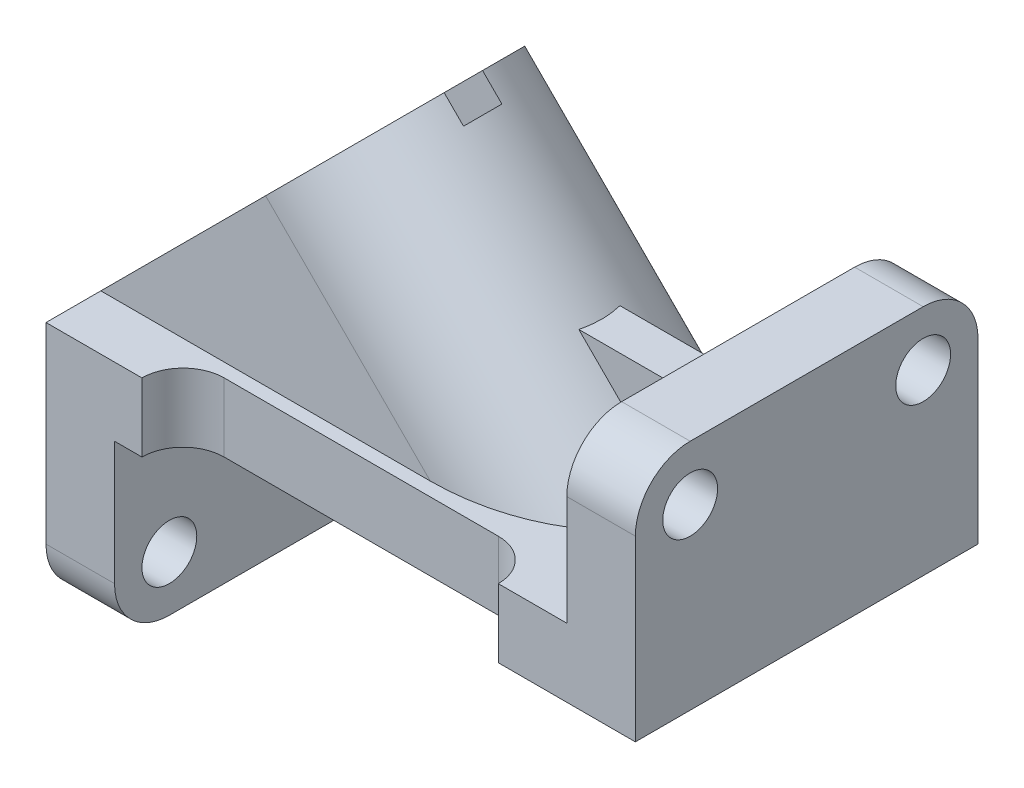
from build123d import *

# Parameters (mm, degrees)
BOSS_EXTRUDE1_DEPTH = 62.5
FILLET1_R           = 20
SKETCH2_R           = 10
CUT_EXTRUDE1_DEPTH  = 240.491649124
SKETCH3_R           = 10
CUT_EXTRUDE2_DEPTH  = 125
SKETCH4_W           = 148.086919985
SKETCH4_H           = 40
BOSS_EXTRUDE2_DEPTH = 7.5
BOSS_EXTRUDE3_REACH = 243.312
CUT_EXTRUDE3_REACH  = 221.395
CUT_EXTRUDE4_DEPTH  = 10


with BuildPart() as part:
    # Sketch1 → Boss-Extrude1 (new, symmetric)
    with BuildSketch(Plane.XY):
        Polygon((0, 0), (190, 0), (190, 85), (165, 85), (165, 25), (-25, 25), (-25, -65), (0, -65), align=None)
    extrude(amount=BOSS_EXTRUDE1_DEPTH, both=True)

    # Fillet1
    fillet1_edges = [part.edges().sort_by_distance(p)[0] for p in [
        (177.5, 85, -62.5),
        (177.5, 85, 62.5),
        (-12.5, -65, 62.5),
        (-12.5, -65, -62.5),
    ]]
    fillet(fillet1_edges, radius=FILLET1_R)

    # Sketch2 → Cut-Extrude1 (cut, through all)
    with BuildSketch(Plane(origin=(190, 0, 0), x_dir=(0, 0, -1), z_dir=(1, 0, 0))):
        with Locations((42.5, 65)):
            Circle(SKETCH2_R)
        with Locations((-42.5, 65)):
            Circle(SKETCH2_R)
    extrude(amount=-CUT_EXTRUDE1_DEPTH, mode=Mode.SUBTRACT)

    # Sketch3 → Cut-Extrude2 (cut)
    with BuildSketch(Plane.ZY.offset(25)):
        with Locations(Location((42.5, -45, 0), (0, 0, 270))):
            Circle(SKETCH3_R)
        with Locations(Location((-42.5, -45, 0), (0, 0, 270))):
            Circle(SKETCH3_R)
    extrude(amount=-CUT_EXTRUDE2_DEPTH, mode=Mode.SUBTRACT)

    # Sketch4 → Boss-Extrude2 (add, symmetric)
    with BuildSketch(Plane.XY):
        with Locations((90.956540007, 45)):
            Rectangle(SKETCH4_W, SKETCH4_H)
    extrude(amount=BOSS_EXTRUDE2_DEPTH, both=True)

    # Sketch5 → Boss-Extrude3 (add, up to next)
    with BuildSketch(Plane(origin=(-25, 25, 0), x_dir=(0, 0, -1), z_dir=(-0.707106781186549, 0.7071067811865461, 0)), mode=Mode.PRIVATE) as boss_extrude3_sk1:
        with BuildLine():
            Line((-42.5, 0), (-42.5, -85))
            ThreePointArc((-42.5, -85), (0, -127.5), (42.5, -85))
            Line((42.5, -85), (42.5, 0))
            Line((42.5, 0), (-42.5, 0))
        make_face()
    boss_extrude3_tool1 = extrude(boss_extrude3_sk1.sketch, amount=-BOSS_EXTRUDE3_REACH, mode=Mode.PRIVATE) - part.part
    add(boss_extrude3_tool1.solids().sort_by_distance((17.122184, 67.122184, 0))[0])

    # Sketch7 → Cut-Extrude3 (cut, up to next)
    with BuildSketch(Plane(origin=(0, 25, 0), x_dir=(1, 0, 0), z_dir=(0, 1, 0)), mode=Mode.PRIVATE) as cut_extrude3_sk1:
        with BuildLine():
            Line((25, -47.5), (125, -47.5))
            ThreePointArc((125, -47.5), (135.606601718, -51.893398282), (140, -62.5))
            Line((140, -62.5), (10, -62.5))
            ThreePointArc((10, -62.5), (14.393398282, -51.893398282), (25, -47.5))
        make_face()
    cut_extrude3_tool1 = extrude(cut_extrude3_sk1.sketch, amount=-CUT_EXTRUDE3_REACH, mode=Mode.PRIVATE) & part.part
    cut_extrude3 = cut_extrude3_tool1.solids().sort_by_distance((75, 25, 55.216204))[0]
    add(cut_extrude3, mode=Mode.SUBTRACT)

    # Mirror1: Cut-Extrude3 across plane
    add(cut_extrude3.mirror(Plane.XY), mode=Mode.SUBTRACT)

    # Sketch8 → Cut-Extrude4 (cut)
    with BuildSketch(Plane(origin=(-25, 25, 0), x_dir=(0, 0, 1), z_dir=(-0.7071067811865489, 0.7071067811865462, 0))):
        with BuildLine():
            Line((-7, -26.74015117), (-7, 126.919565837))
            ThreePointArc((-7, 126.919565837), (0, 127.5), (7, 126.919565837))
            Line((7, 126.919565837), (7, -26.74015117))
            Line((7, -26.74015117), (-7, -26.74015117))
        make_face()
    extrude(amount=-CUT_EXTRUDE4_DEPTH, mode=Mode.SUBTRACT)

    # Sketch13 → CBORE for M24 Hex Head Bolt2 (revolve, cut)
    with BuildSketch(Plane(origin=(35.104076401, 85.104076401, 0), x_dir=(-0.7071067811865462, -0.7071067811865489, 0), z_dir=(0, 0, 1))):
        Polygon((0, 0), (0, 215.667568262), (13, 215.667568262), (13, 15.9), (22.285, 15.9), (22.285, 0.025), (22.31, 0), align=None)
    revolve(axis=Axis((30.61394834, 89.594204461, 0), (0.7071067811865489, -0.7071067811865462, 0)), mode=Mode.SUBTRACT)


solid = part.part

━━━━━━━━━━━━━━━━━━━━━━━━━━━━━━

- YOUR INSTRUCTIONS -
Your answer must be the exact lines from the start of the data through the line with "(0, -65), align=None)", inclusive, and nothing else; pictures do not belong in it.

- TASK ANSWER -
from build123d import *

# Parameters (mm, degrees)
BOSS_EXTRUDE1_DEPTH = 62.5
FILLET1_R           = 20
SKETCH2_R           = 10
CUT_EXTRUDE1_DEPTH  = 240.491649124
SKETCH3_R           = 10
CUT_EXTRUDE2_DEPTH  = 125
SKETCH4_W           = 148.086919985
SKETCH4_H           = 40
BOSS_EXTRUDE2_DEPTH = 7.5
BOSS_EXTRUDE3_REACH = 243.312
CUT_EXTRUDE3_REACH  = 221.395
CUT_EXTRUDE4_DEPTH  = 10


with BuildPart() as part:
    # Sketch1 → Boss-Extrude1 (new, symmetric)
    with BuildSketch(Plane.XY):
        Polygon((0, 0), (190, 0), (190, 85), (165, 85), (165, 25), (-25, 25), (-25, -65), (0, -65), align=None)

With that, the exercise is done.